Re: How to Group data by a few factors?

Engager

Yes, I have more unique ids than they are shown. However, I think that this make sense because how to display thousands of data? I didn't mention that I use splunk web search tool not API.

Highlighted

Re: How to Group data by a few factors?

SplunkTrust

The multivalued command do have limitation of memory usage (see limits.conf specification to more details) which may cause truncation. However, showing 100's of entries in single result row may not be readable anyways.
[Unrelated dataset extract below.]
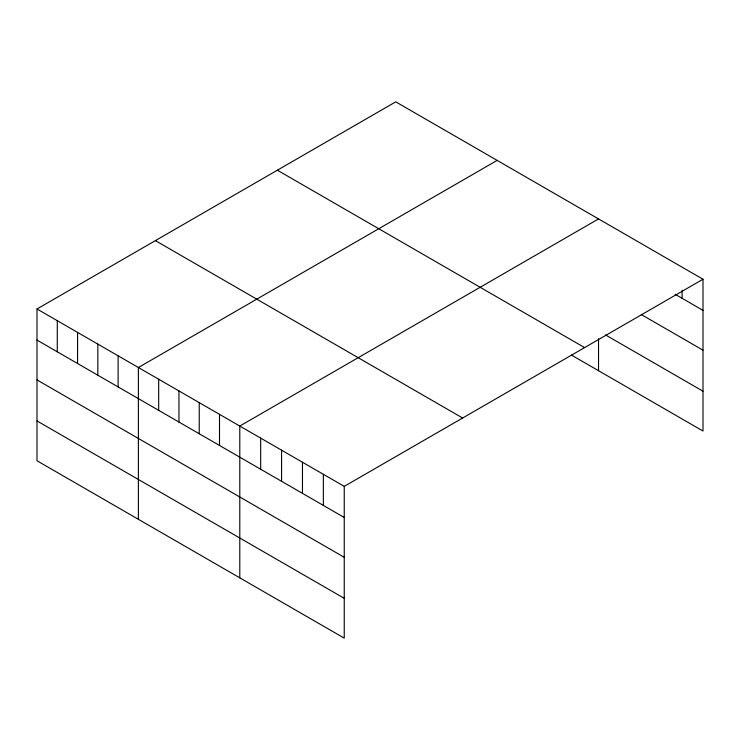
<?xml version="1.0" encoding="UTF-8"?>
<svg xmlns="http://www.w3.org/2000/svg" width="740" height="740" viewBox="0 0 740 740"><rect width="100%" height="100%" fill="white"/><g stroke="black" fill="none" stroke-linecap="round" stroke-linejoin="round"><path stroke-width="1.11" d="M37 308.978L344.248 486.365L344.248 638.148L37 460.761L37 308.978L395.752 101.852L703 279.239L703 431.022L571.493 355.098M497.141 160.395L138.389 367.512L138.389 519.295M598.53 218.929L239.788 426.055L239.788 577.838M344.248 486.365L703 279.239M675.139 294.279L703 310.365M641.312 314.565L703 350.177M605.496 334.915L703 391.201M277.361 170.2L584.609 347.596M155.391 240.63L462.639 418.017M37 340.095L344.248 517.482M37 379.916L344.248 557.303M37 420.94L344.248 598.327M682.104 290.228L682.104 298.294M598.53 338.633L598.53 370.712M323.361 474.303L323.361 505.42M302.466 462.241L302.466 493.358M281.57 450.179L281.57 481.296M260.674 438.117L260.674 469.234M219.503 414.345L219.503 445.462M199.227 402.634L199.227 433.76M178.951 390.933L178.951 422.05M158.674 379.222L158.674 410.339M118.113 355.811L118.113 386.928M97.837 344.1L97.837 375.217M77.561 332.389L77.561 363.507M57.276 320.688L57.276 351.805"/></g></svg>
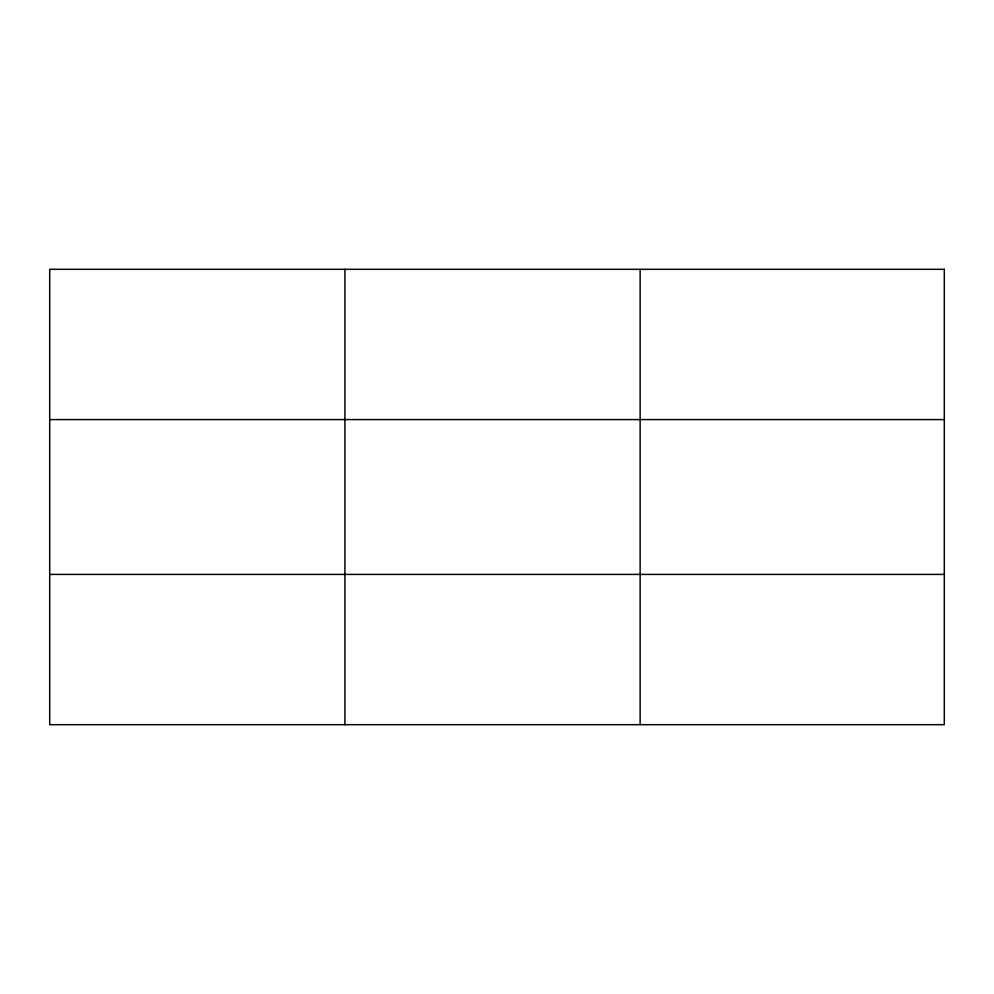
<?xml version="1.0" encoding="UTF-8"?>
<svg xmlns="http://www.w3.org/2000/svg" width="994" height="994" viewBox="0 0 994 994"><rect width="100%" height="100%" fill="white"/><g stroke="black" fill="none" stroke-linecap="round" stroke-linejoin="round"><path stroke-width="1.49" d="M344.918 724.688L344.918 269.312M640.136 724.688L640.136 269.312M49.7 419.592L944.3 419.592M49.7 574.408L944.3 574.408M944.3 269.312L944.3 724.688L49.7 724.688L49.7 269.312L944.3 269.312"/></g></svg>

See if you're ok with format of the result with this query.

``````your base search
| rex "id:(?<id>[^\;]+)"
| rex max_match=0 "f\:(?<Pool>[^,]+),(?<l>[^\;]+)"
| stats count by id Pool l
| eval id=id."(".count.")"
| stats sum(count) as count list(id) as id by Pool l delim="," | nomv id
``````
Highlighted

Re: How to Group data by a few factors?

Engager

Yes, this query is also nice. When you add extra space to delim (e.g delim=", ") then ids are displayed as multi-lines what is really nice. Thanks again for your help.